=== TASK STATEMENT ===
From the entries below, copy every line where the string "units" appears.

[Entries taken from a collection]

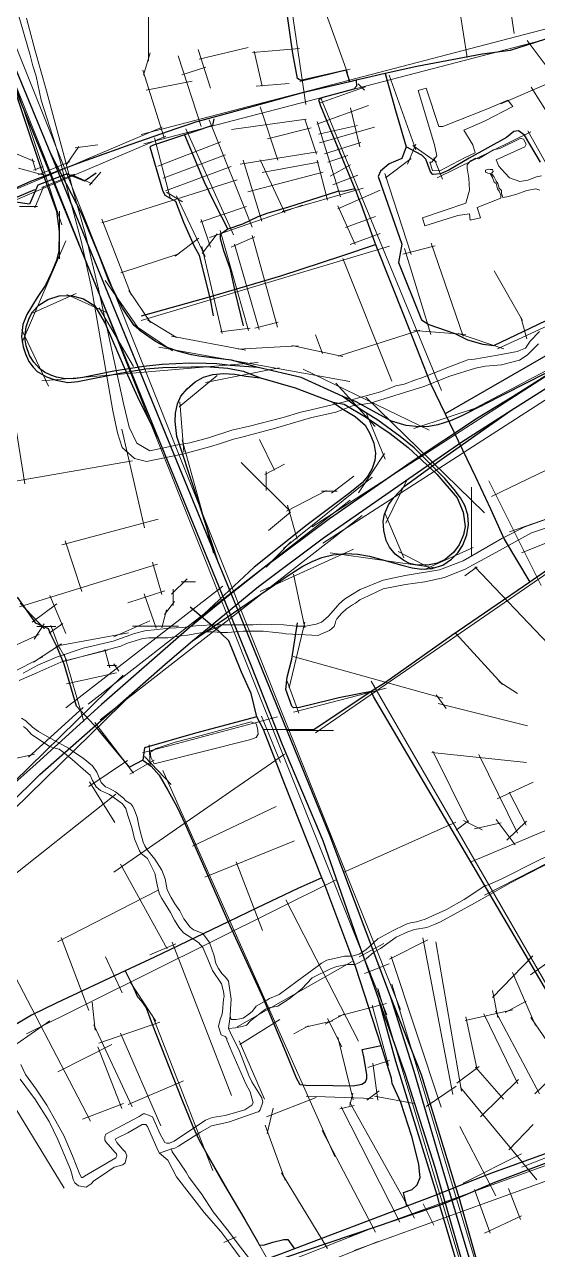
# Model space of a CAD drawing. Header units: inches. Extents: x 13527023 to 13535216, y 3639368 to 3645755.
# Drawn here: x 13531425 to 13532472, y 3641102 to 3643603 of the extents above; entities that cross this region are included whole.
import ezdxf

# ---------------------------------------------------------------- set-up
doc = ezdxf.new("R2010")
doc.units = ezdxf.units.IN
doc.header["$MEASUREMENT"] = 0
doc.layers.add('0a', color=144, linetype='Continuous', lineweight=30, true_color=0x007b96)
doc.layers.add('1a', color=144, linetype='Continuous', lineweight=30, true_color=0x007b96)
for name, color, linetype, lineweight in [('桥', 6, 'Continuous', 9), ('水网', 141, 'Continuous', 9), ('路网', 2, 'Continuous', 9)]:
    doc.layers.add(name, color=color, linetype=linetype, lineweight=lineweight)

msp = doc.modelspace()

# ---------------------------------------------------------------- linework, layer by layer
at = {"layer": '0a'}
for p, q in [((13531989.3, 3642881.9), (13531901.5, 3642902.7)), ((13531906.4, 3642881.1), (13531977.1, 3642860.9)), ((13531977.1, 3642860.9), (13532054.1, 3642831.7)), ((13532220, 3641465.1), (13532172, 3641617.9)), ((13532146.3, 3641614.5), (13532201.9, 3641459.4))]:
    msp.add_line(p, q, dxfattribs=at)
for points in [[(13532088.6, 3643486), (13532081.1, 3643509.6), (13531988.8, 3643488.3), (13531982, 3643492.8), (13531972.5, 3643543.5), (13531944.9, 3643735.4), (13531939.5, 3643785.2), (13531830.4, 3643975.2), (13531750.3, 3644113.7), (13531660.7, 3644348.6), (13531632.7, 3644430.5), (13531611.8, 3644491.6), (13531592.8, 3644568.6), (13531587.4, 3644603.6)], [(13531015.5, 3644410.6), (13531117.7, 3644162.8), (13531145.2, 3644100.7), (13531253.3, 3643836.2), (13531285.5, 3643758.6), (13531394, 3643499.8), (13531697.8, 3642758.3), (13531887.7, 3642293.7), (13531950.4, 3642132.5), (13532033.6, 3641936.8), (13532103.2, 3641737), (13532123.7, 3641679.9), (13532146.3, 3641614.5), (13532181.9, 3641486.2), (13532266.3, 3641213.1), (13532271.6, 3641192.3), (13532398.9, 3640763.8), (13532436.9, 3640568.6)], [(13532459.4, 3640571), (13532420, 3640769.7), (13532386, 3640943.8), (13532311.8, 3641207.7), (13532305, 3641228.9), (13532235, 3641458.2), (13532172, 3641617.9), (13532048.6, 3641945.7), (13531867.1, 3642391.4), (13531819.1, 3642507.2), (13531478.4, 3643338.9), (13531456, 3643393.5), (13531175.7, 3644072.6), (13531048.7, 3644380), (13531033.8, 3644416.8)], [(13533146.6, 3643777.1), (13533050.3, 3643750.1), (13533042.9, 3643748.9), (13532660.5, 3643628), (13532651.9, 3643625.2), (13532522, 3643583.7), (13532416.2, 3643549.9), (13532358.9, 3643542.1), (13532225.7, 3643517), (13532160.6, 3643502.5), (13532113.9, 3643492.1), (13532101.4, 3643489.1), (13532088.6, 3643486), (13531989.2, 3643462.4), (13531861.7, 3643427), (13531768.7, 3643401.8)], [(13531394, 3643499.8), (13531458.1, 3643309.4), (13531489.8, 3643222), (13531495.4, 3643180.2), (13531494.5, 3643139.6), (13531490.1, 3643121.3), (13531480.2, 3643096.3), (13531467.4, 3643070.9), (13531450.9, 3643045.2), (13531429.7, 3643010.9), (13531421.7, 3642990.6), (13531418.7, 3642965.2), (13531422, 3642944.6), (13531426.5, 3642930.5), (13531433.6, 3642914.7), (13531442.6, 3642903.1), (13531450.3, 3642894.6)], [(13532160.6, 3643502.5), (13532182.1, 3643427.2), (13532203.8, 3643353), (13532194.7, 3643329.5), (13532168.9, 3643318.6), (13532151.3, 3643303.2), (13532146.3, 3643292.8), (13532194.7, 3643154.4), (13532188.4, 3643116.8), (13532235, 3642999.6), (13532249.9, 3642990.1), (13532303.4, 3642972), (13532328.7, 3642958.8), (13532360.4, 3642950.2), (13532383, 3642947.5), (13532503.8, 3643005.5)], [(13532101.4, 3643489.1), (13532102.4, 3643476.7), (13532096.7, 3643470.9), (13532033.8, 3643453.8), (13532024.5, 3643449.1), (13532029.1, 3643436.6), (13532080.6, 3643311.9), (13532098.8, 3643267.5), (13532101.4, 3643261), (13532105.1, 3643251.9), (13532111.3, 3643237), (13532139.3, 3643159), (13532141.5, 3643153.6), (13532200.7, 3643003.1), (13532253.7, 3642870), (13532283.4, 3642808.1), (13532345.2, 3642679.2), (13532375.9, 3642613.7), (13532404, 3642552.3), (13532456.4, 3642464.5)], [(13533323, 3643431.7), (13533270.4, 3643412), (13533200.8, 3643371.9), (13533144.2, 3643327.2), (13533072.4, 3643269.5), (13532961.7, 3643198.2), (13532792.7, 3643103.6), (13532646.1, 3643024.6), (13532501.6, 3642933.6), (13532283.4, 3642808.1)], [(13531811.5, 3643410.5), (13531808.4, 3643396.9), (13531770.4, 3643383.8), (13531751.5, 3643377.5), (13531686.2, 3643355.7), (13531680.3, 3643353.4), (13531706.1, 3643264.7), (13531711.1, 3643254.3), (13531733.2, 3643242.1), (13531749.5, 3643199.1), (13531771.3, 3643150.2), (13531781.2, 3643132.1), (13531802.3, 3643046.5), (13531803.4, 3643042.1), (13531809.7, 3643007.7)], [(13534316, 3643407.7), (13534244.2, 3643374.7), (13534036.5, 3643269.7), (13533795.3, 3643148.4), (13533526, 3643011.3), (13533476.1, 3642988.8), (13533406.5, 3642957.4), (13533044, 3642775), (13532777.5, 3642641.1), (13532673.4, 3642592.2), (13532580.2, 3642550.1), (13532485.6, 3642484.5), (13532456.4, 3642464.5), (13532297.3, 3642355.1), (13532159.3, 3642257.8), (13532142.1, 3642246.9), (13532132.4, 3642241.1)], [(13531751.5, 3643377.5), (13531791.6, 3643281.5), (13531810.2, 3643242.1), (13531826.9, 3643210), (13531839.6, 3643185.1)], [(13532478, 3643321.8), (13532445, 3643377), (13532433.2, 3643385.6), (13532423.3, 3643384.7), (13532408.8, 3643372), (13532332.3, 3643329.9), (13532291.1, 3643305.5), (13532273.5, 3643297.8), (13532258.5, 3643296.9), (13532253.6, 3643301.9), (13532243.6, 3643328.1), (13532235.9, 3643336.3), (13532203.8, 3643353)], [(13531901.5, 3642902.7), (13531847.5, 3642917.4), (13531813.4, 3642921.9), (13531780.3, 3642925.5), (13531765.3, 3642928.2), (13531739.7, 3642935), (13531714, 3642944.3), (13531691.9, 3642955.3), (13531662.9, 3642975.9), (13531648.6, 3642988.2), (13531624.7, 3643023.7), (13531597.8, 3643077.3), (13531577.2, 3643131.4), (13531542, 3643216.6), (13531478.4, 3643338.9)], [(13531512, 3643298.1), (13531547.5, 3643283.9), (13531570.7, 3643299.7)], [(13531451.7, 3643274.8), (13531435.2, 3643236.2), (13531402.5, 3643241)], [(13532098.8, 3643267.5), (13532078.1, 3643262.9), (13532063.6, 3643261.6), (13532025.6, 3643249.8), (13531963.6, 3643229.9), (13531919.2, 3643216.8), (13531900.7, 3643210), (13531869.9, 3643195), (13531839.6, 3643185.1), (13531823.8, 3643173.8), (13531824.2, 3643165.6), (13531831, 3643141.6), (13531843.7, 3643105.4), (13531853.4, 3643061.7), (13531855, 3643054.7), (13531870.8, 3642987.8)], [(13531091, 3643128.9), (13531126, 3643133.6), (13531173.1, 3643152.1), (13531250.4, 3643183.3), (13531446, 3643265.7)], [(13531663.9, 3643007.8), (13531802.3, 3643046.5), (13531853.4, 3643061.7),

=== REPLY TO THE EXERCISE ===
# Model space of a CAD drawing. Header units: inches. Extents: x 13527023 to 13535216, y 3639368 to 3645755.
doc.units = ezdxf.units.IN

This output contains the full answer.